# Brinkman charcoal smoker



## CWS4322 (Aug 26, 2011)

Okay--I took my parents' garbage to the dump the other night, and didn't encounter the resident bear...(being that they are in one of the remotest areas of MN, one goes to the dump--no such thing as garbage pickup and there is usually a bear there). Lo and behold, what was there, a Brinkman smoker (complete with charcoal and the racks, and the user manual! Could I leave it there to get crushed and sent the landfill? Not on your life. (Now I just have to go to the UPS Store and get a box big enough to ship it to Ogdensburg, NY so it arrives before the train arrives in Syracuse). I'm thinking smoked salmon...I'm thinking using cherry wood instead of charcoal...my DH is going to kill me for bring home s/one else's trash...but it was such a find! I'm thinking smoked turkey legs...


----------



## Snip 13 (Aug 26, 2011)

Just comes to show, one mans trash is another mans treasure lol! Lucky you  I would have taken it too!!


----------



## pacanis (Aug 26, 2011)

Cut some cardboard up and find some way to cross-brace the inside of it. Vertical smokers get damaged easily, even being shipped by the factory. Some 4" strips cut to length with a notch halfway through in the middle, to make a + should do it. Or maybe even a lot of packing material poured or stuffed into the corners of the box after it is packaged up.

Good find. Someone was probably hoping someone would find use for it. Around here I can set something remotely useable looking in front of the house and it's gone in ten minutes... as long as there's not a For Sale sign in front of it


----------



## CWS4322 (Aug 27, 2011)

It comes apart, so I have packed it in two boxes with packing materials and cardboard "slices" in between. The "wood" chips that were there were hickory and mesquite. Obviously, the people who left it assumed s/one would pick it up.
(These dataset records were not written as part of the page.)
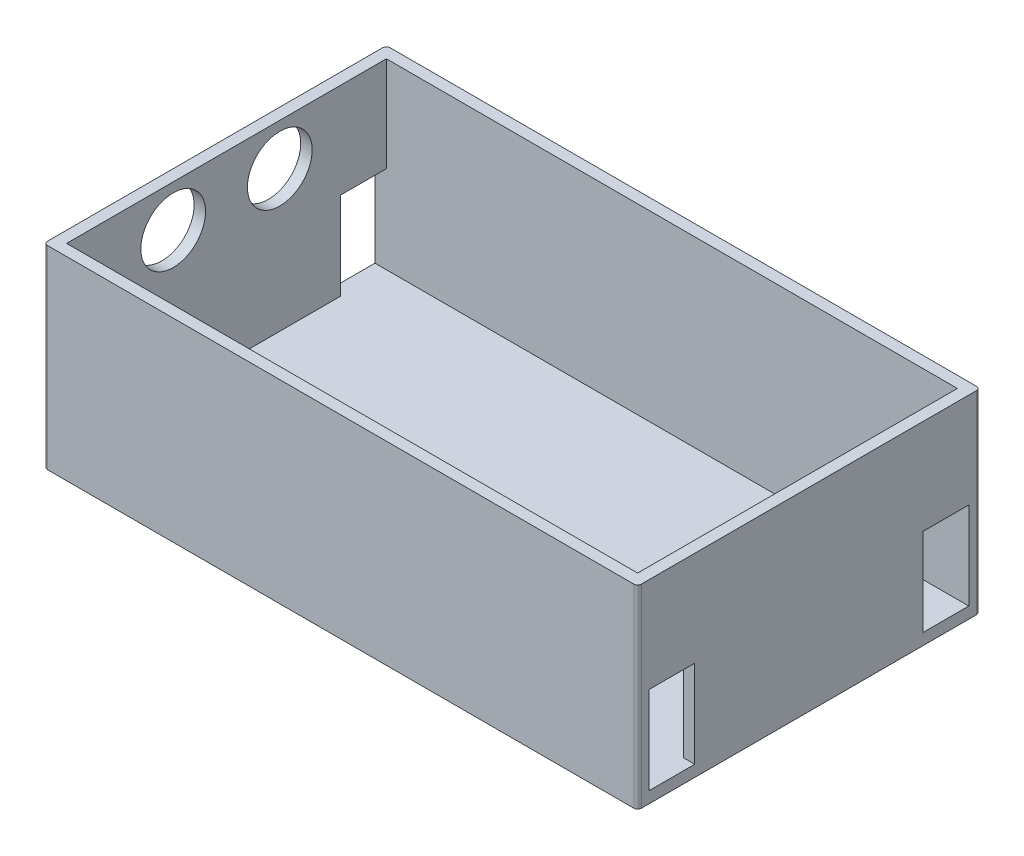
ISO-10303-21;
HEADER;
FILE_DESCRIPTION(('STEP AP214'),'2;1');
FILE_NAME('part.step','',(''),(''),'','','');
FILE_SCHEMA(('AUTOMOTIVE_DESIGN { 1 0 10303 214 1 1 1 1 }'));
ENDSEC;
DATA;
#1=APPLICATION_CONTEXT('core data for automotive mechanical design processes');
#2=APPLICATION_PROTOCOL_DEFINITION('international standard','automotive_design',2000,#1);
#3=PRODUCT_CONTEXT('',#1,'mechanical');
#4=PRODUCT('Part','Part','',(#3));
#5=PRODUCT_RELATED_PRODUCT_CATEGORY('part','',(#4));
#6=PRODUCT_DEFINITION_FORMATION('','',#4);
#7=PRODUCT_DEFINITION_CONTEXT('part definition',#1,'design');
#8=PRODUCT_DEFINITION('design','',#6,#7);
#9=PRODUCT_DEFINITION_SHAPE('','',#8);
#10=(LENGTH_UNIT() NAMED_UNIT(*) SI_UNIT(.MILLI.,.METRE.));
#11=(NAMED_UNIT(*) PLANE_ANGLE_UNIT() SI_UNIT($,.RADIAN.));
#12=(NAMED_UNIT(*) SI_UNIT($,.STERADIAN.) SOLID_ANGLE_UNIT());
#13=UNCERTAINTY_MEASURE_WITH_UNIT(LENGTH_MEASURE(1.E-05),#10,'distance_accuracy_value','');
#14=(GEOMETRIC_REPRESENTATION_CONTEXT(3) GLOBAL_UNCERTAINTY_ASSIGNED_CONTEXT((#13)) GLOBAL_UNIT_ASSIGNED_CONTEXT((#10,
#11,#12)) REPRESENTATION_CONTEXT('',''));
#15=CARTESIAN_POINT('',(0.,0.,0.));
#16=DIRECTION('',(0.,0.,1.));
#17=DIRECTION('',(1.,0.,0.));
#18=AXIS2_PLACEMENT_3D('',#15,#16,#17);
#19=CARTESIAN_POINT('',(0.,3.,0.));
#20=DIRECTION('',(1.,0.,0.));
#21=DIRECTION('',(0.,0.,-1.));
#22=AXIS2_PLACEMENT_3D('',#19,#20,#21);
#23=PLANE('',#22);
#24=CARTESIAN_POINT('',(0.,40.,-59.));
#25=DIRECTION('',(-1.,0.,0.));
#26=DIRECTION('',(0.,0.,1.));
#27=AXIS2_PLACEMENT_3D('',#24,#25,#26);
#28=CIRCLE('',#27,8.5);
#29=CARTESIAN_POINT('',(0.,40.,-50.5));
#30=VERTEX_POINT('',#29);
#31=EDGE_CURVE('E451',#30,#30,#28,.T.);
#32=ORIENTED_EDGE('',*,*,#31,.F.);
#33=EDGE_LOOP('',(#32));
#34=FACE_BOUND('',#33,.T.);
#35=CARTESIAN_POINT('',(0.,40.,-31.));
#36=DIRECTION('',(-1.,0.,0.));
#37=DIRECTION('',(0.,0.,1.));
#38=AXIS2_PLACEMENT_3D('',#35,#36,#37);
#39=CIRCLE('',#38,8.5);
#40=CARTESIAN_POINT('',(0.,40.,-22.5));
#41=VERTEX_POINT('',#40);
#42=EDGE_CURVE('E238',#41,#41,#39,.T.);
#43=ORIENTED_EDGE('',*,*,#42,.F.);
#44=EDGE_LOOP('',(#43));
#45=FACE_BOUND('',#44,.T.);
#46=DIRECTION('',(0.,0.,1.));
#47=VECTOR('',#46,1.);
#48=CARTESIAN_POINT('',(0.,26.,-3.));
#49=LINE('',#48,#47);
#50=CARTESIAN_POINT('',(0.,26.,-15.));
#51=VERTEX_POINT('',#50);
#52=CARTESIAN_POINT('',(0.,26.,-3.));
#53=VERTEX_POINT('',#52);
#54=EDGE_CURVE('E229',#51,#53,#49,.T.);
#55=ORIENTED_EDGE('',*,*,#54,.T.);
#56=DIRECTION('',(0.,-1.,0.));
#57=VECTOR('',#56,1.);
#58=CARTESIAN_POINT('',(0.,26.,-3.));
#59=LINE('',#58,#57);
#60=CARTESIAN_POINT('',(0.,3.,-3.));
#61=VERTEX_POINT('',#60);
#62=EDGE_CURVE('E208',#53,#61,#59,.T.);
#63=ORIENTED_EDGE('',*,*,#62,.T.);
#64=DIRECTION('',(0.,0.,-1.));
#65=VECTOR('',#64,1.);
#66=CARTESIAN_POINT('',(0.,3.,-3.));
#67=LINE('',#66,#65);
#68=CARTESIAN_POINT('',(0.,3.,-15.));
#69=VERTEX_POINT('',#68);
#70=EDGE_CURVE('E220',#61,#69,#67,.T.);
#71=ORIENTED_EDGE('',*,*,#70,.T.);
#72=DIRECTION('',(0.,1.,0.));
#73=VECTOR('',#72,1.);
#74=CARTESIAN_POINT('',(0.,26.,-15.));
#75=LINE('',#74,#73);
#76=EDGE_CURVE('E56',#69,#51,#75,.T.);
#77=ORIENTED_EDGE('',*,*,#76,.T.);
#78=EDGE_LOOP('',(#55,#63,#71,#77));
#79=FACE_BOUND('',#78,.T.);
#80=DIRECTION('',(0.,0.,-1.));
#81=VECTOR('',#80,1.);
#82=CARTESIAN_POINT('',(0.,3.,-87.));
#83=LINE('',#82,#81);
#84=CARTESIAN_POINT('',(0.,3.,-75.));
#85=VERTEX_POINT('',#84);
#86=CARTESIAN_POINT('',(0.,3.,-87.));
#87=VERTEX_POINT('',#86);
#88=EDGE_CURVE('E278',#85,#87,#83,.T.);
#89=ORIENTED_EDGE('',*,*,#88,.T.);
#90=DIRECTION('',(0.,1.,0.));
#91=VECTOR('',#90,1.);
#92=CARTESIAN_POINT('',(0.,3.,-87.));
#93=LINE('',#92,#91);
#94=CARTESIAN_POINT('',(0.,26.,-87.));
#95=VERTEX_POINT('',#94);
#96=EDGE_CURVE('E267',#87,#95,#93,.T.);
#97=ORIENTED_EDGE('',*,*,#96,.T.);
#98=DIRECTION('',(0.,0.,1.));
#99=VECTOR('',#98,1.);
#100=CARTESIAN_POINT('',(0.,26.,-87.));
#101=LINE('',#100,#99);
#102=CARTESIAN_POINT('',(0.,26.,-75.));
#103=VERTEX_POINT('',#102);
#104=EDGE_CURVE('E271',#95,#103,#101,.T.);
#105=ORIENTED_EDGE('',*,*,#104,.T.);
#106=DIRECTION('',(0.,-1.,0.));
#107=VECTOR('',#106,1.);
#108=CARTESIAN_POINT('',(0.,3.,-75.));
#109=LINE('',#108,#107);
#110=EDGE_CURVE('E64',#103,#85,#109,.T.);
#111=ORIENTED_EDGE('',*,*,#110,.T.);
#112=EDGE_LOOP('',(#89,#97,#105,#111));
#113=FACE_BOUND('',#112,.T.);
#114=DIRECTION('',(0.,0.,1.));
#115=VECTOR('',#114,1.);
#116=CARTESIAN_POINT('',(0.,51.,-90.));
#117=LINE('',#116,#115);
#118=CARTESIAN_POINT('',(0.,51.,-89.));
#119=VERTEX_POINT('',#118);
#120=CARTESIAN_POINT('',(0.,51.,-1.00000000000003));
#121=VERTEX_POINT('',#120);
#122=EDGE_CURVE('E370',#119,#121,#117,.T.);
#123=ORIENTED_EDGE('',*,*,#122,.F.);
#124=DIRECTION('',(0.,-1.,0.));
#125=VECTOR('',#124,1.);
#126=CARTESIAN_POINT('',(0.,3.,-89.));
#127=LINE('',#126,#125);
#128=CARTESIAN_POINT('',(0.,0.,-89.));
#129=VERTEX_POINT('',#128);
#130=EDGE_CURVE('E439',#119,#129,#127,.T.);
#131=ORIENTED_EDGE('',*,*,#130,.T.);
#132=DIRECTION('',(0.,0.,1.));
#133=VECTOR('',#132,1.);
#134=CARTESIAN_POINT('',(0.,0.,0.));
#135=LINE('',#134,#133);
#136=CARTESIAN_POINT('',(0.,0.,-1.));
#137=VERTEX_POINT('',#136);
#138=EDGE_CURVE('E382',#129,#137,#135,.T.);
#139=ORIENTED_EDGE('',*,*,#138,.T.);
#140=DIRECTION('',(0.,-1.,0.));
#141=VECTOR('',#140,1.);
#142=CARTESIAN_POINT('',(0.,3.,-1.));
#143=LINE('',#142,#141);
#144=EDGE_CURVE('E436',#137,#121,#143,.F.);
#145=ORIENTED_EDGE('',*,*,#144,.T.);
#146=EDGE_LOOP('',(#123,#131,#139,#145));
#147=FACE_BOUND('',#146,.T.);
#148=ADVANCED_FACE('F38',(#34,#45,#79,#113,#147),#23,.F.);
#149=CARTESIAN_POINT('',(0.,3.,0.));
#150=DIRECTION('',(0.,0.,-1.));
#151=DIRECTION('',(-1.,0.,0.));
#152=AXIS2_PLACEMENT_3D('',#149,#150,#151);
#153=PLANE('',#152);
#154=DIRECTION('',(1.,0.,0.));
#155=VECTOR('',#154,1.);
#156=CARTESIAN_POINT('',(0.,0.,0.));
#157=LINE('',#156,#155);
#158=CARTESIAN_POINT('',(1.,0.,0.));
#159=VERTEX_POINT('',#158);
#160=CARTESIAN_POINT('',(155.,0.,0.));
#161=VERTEX_POINT('',#160);
#162=EDGE_CURVE('E386',#159,#161,#157,.T.);
#163=ORIENTED_EDGE('',*,*,#162,.T.);
#164=DIRECTION('',(0.,-1.,0.));
#165=VECTOR('',#164,1.);
#166=CARTESIAN_POINT('',(155.,3.,0.));
#167=LINE('',#166,#165);
#168=CARTESIAN_POINT('',(155.,51.,0.));
#169=VERTEX_POINT('',#168);
#170=EDGE_CURVE('E48',#161,#169,#167,.F.);
#171=ORIENTED_EDGE('',*,*,#170,.T.);
#172=DIRECTION('',(1.,0.,0.));
#173=VECTOR('',#172,1.);
#174=CARTESIAN_POINT('',(0.,51.,0.));
#175=LINE('',#174,#173);
#176=CARTESIAN_POINT('',(1.,51.,0.));
#177=VERTEX_POINT('',#176);
#178=EDGE_CURVE('E374',#177,#169,#175,.T.);
#179=ORIENTED_EDGE('',*,*,#178,.F.);
#180=DIRECTION('',(0.,-1.,0.));
#181=VECTOR('',#180,1.);
#182=CARTESIAN_POINT('',(1.,3.,0.));
#183=LINE('',#182,#181);
#184=EDGE_CURVE('E443',#177,#159,#183,.T.);
#185=ORIENTED_EDGE('',*,*,#184,.T.);
#186=EDGE_LOOP('',(#163,#171,#179,#185));
#187=FACE_BOUND('',#186,.T.);
#188=ADVANCED_FACE('F467',(#187),#153,.F.);
#189=CARTESIAN_POINT('',(156.,3.,0.));
#190=DIRECTION('',(-1.,0.,0.));
#191=DIRECTION('',(0.,0.,1.));
#192=AXIS2_PLACEMENT_3D('',#189,#190,#191);
#193=PLANE('',#192);
#194=DIRECTION('',(0.,0.,-1.));
#195=VECTOR('',#194,1.);
#196=CARTESIAN_POINT('',(156.,3.,-3.));
#197=LINE('',#196,#195);
#198=CARTESIAN_POINT('',(156.,3.,-3.));
#199=VERTEX_POINT('',#198);
#200=CARTESIAN_POINT('',(156.,3.,-15.));
#201=VERTEX_POINT('',#200);
#202=EDGE_CURVE('E248',#199,#201,#197,.T.);
#203=ORIENTED_EDGE('',*,*,#202,.F.);
#204=DIRECTION('',(0.,-1.,0.));
#205=VECTOR('',#204,1.);
#206=CARTESIAN_POINT('',(156.,26.,-3.));
#207=LINE('',#206,#205);
#208=CARTESIAN_POINT('',(156.,26.,-3.));
#209=VERTEX_POINT('',#208);
#210=EDGE_CURVE('E211',#209,#199,#207,.T.);
#211=ORIENTED_EDGE('',*,*,#210,.F.);
#212=DIRECTION('',(0.,0.,1.));
#213=VECTOR('',#212,1.);
#214=CARTESIAN_POINT('',(156.,26.,-3.));
#215=LINE('',#214,#213);
#216=CARTESIAN_POINT('',(156.,26.,-15.));
#217=VERTEX_POINT('',#216);
#218=EDGE_CURVE('E231',#217,#209,#215,.T.);
#219=ORIENTED_EDGE('',*,*,#218,.F.);
#220=DIRECTION('',(0.,1.,0.));
#221=VECTOR('',#220,1.);
#222=CARTESIAN_POINT('',(156.,26.,-15.));
#223=LINE('',#222,#221);
#224=EDGE_CURVE('E235',#201,#217,#223,.T.);
#225=ORIENTED_EDGE('',*,*,#224,.F.);
#226=EDGE_LOOP('',(#203,#211,#219,#225));
#227=FACE_BOUND('',#226,.T.);
#228=DIRECTION('',(0.,0.,1.));
#229=VECTOR('',#228,1.);
#230=CARTESIAN_POINT('',(156.,26.,-87.));
#231=LINE('',#230,#229);
#232=CARTESIAN_POINT('',(156.,26.,-87.));
#233=VERTEX_POINT('',#232);
#234=CARTESIAN_POINT('',(156.,26.,-75.));
#235=VERTEX_POINT('',#234);
#236=EDGE_CURVE('E286',#233,#235,#231,.T.);
#237=ORIENTED_EDGE('',*,*,#236,.F.);
#238=DIRECTION('',(0.,1.,0.));
#239=VECTOR('',#238,1.);
#240=CARTESIAN_POINT('',(156.,3.,-87.));
#241=LINE('',#240,#239);
#242=CARTESIAN_POINT('',(156.,3.,-87.));
#243=VERTEX_POINT('',#242);
#244=EDGE_CURVE('E283',#243,#233,#241,.T.);
#245=ORIENTED_EDGE('',*,*,#244,.F.);
#246=DIRECTION('',(0.,0.,-1.));
#247=VECTOR('',#246,1.);
#248=CARTESIAN_POINT('',(156.,3.,-87.));
#249=LINE('',#248,#247);
#250=CARTESIAN_POINT('',(156.,3.,-75.));
#251=VERTEX_POINT('',#250);
#252=EDGE_CURVE('E272',#251,#243,#249,.T.);
#253=ORIENTED_EDGE('',*,*,#252,.F.);
#254=DIRECTION('',(0.,-1.,0.));
#255=VECTOR('',#254,1.);
#256=CARTESIAN_POINT('',(156.,3.,-75.));
#257=LINE('',#256,#255);
#258=EDGE_CURVE('E290',#235,#251,#257,.T.);
#259=ORIENTED_EDGE('',*,*,#258,.F.);
#260=EDGE_LOOP('',(#237,#245,#253,#259));
#261=FACE_BOUND('',#260,.T.);
#262=DIRECTION('',(0.,0.,-1.));
#263=VECTOR('',#262,1.);
#264=CARTESIAN_POINT('',(156.,0.,0.));
#265=LINE('',#264,#263);
#266=CARTESIAN_POINT('',(156.,0.,-1.));
#267=VERTEX_POINT('',#266);
#268=CARTESIAN_POINT('',(156.,0.,-89.));
#269=VERTEX_POINT('',#268);
#270=EDGE_CURVE('E390',#267,#269,#265,.T.);
#271=ORIENTED_EDGE('',*,*,#270,.T.);
#272=DIRECTION('',(0.,-1.,0.));
#273=VECTOR('',#272,1.);
#274=CARTESIAN_POINT('',(156.,3.,-89.));
#275=LINE('',#274,#273);
#276=CARTESIAN_POINT('',(156.,51.,-89.));
#277=VERTEX_POINT('',#276);
#278=EDGE_CURVE('E421',#269,#277,#275,.F.);
#279=ORIENTED_EDGE('',*,*,#278,.T.);
#280=DIRECTION('',(0.,0.,-1.));
#281=VECTOR('',#280,1.);
#282=CARTESIAN_POINT('',(156.,51.,0.));
#283=LINE('',#282,#281);
#284=CARTESIAN_POINT('',(156.,51.,-1.));
#285=VERTEX_POINT('',#284);
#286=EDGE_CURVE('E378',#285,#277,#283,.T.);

I always volunteer to take the garbage to the dump--I've found some really cool things there. However, this is the first time I've visited and not driven out, so I have to ship my finds back! I'm looking forward to trying out the smoker.


----------



## 4meandthem (Aug 27, 2011)

Sign on the office door at the dump:


This years office bbq will be cancelled.
We have nothing to cook the bear on
since our beloved smoker has disappeared.


J/K...Nice score I have owned several of them.
I used water soaked cherry chunks on top of the charcoal.
Smoked whole turkey and salmon were my favorites. I did a venison
roast too that I wrapped in Bacon first. Try some different liquids and drop some veggies in the water.


----------



## pacanis (Aug 27, 2011)

Now _that_ was funny!


----------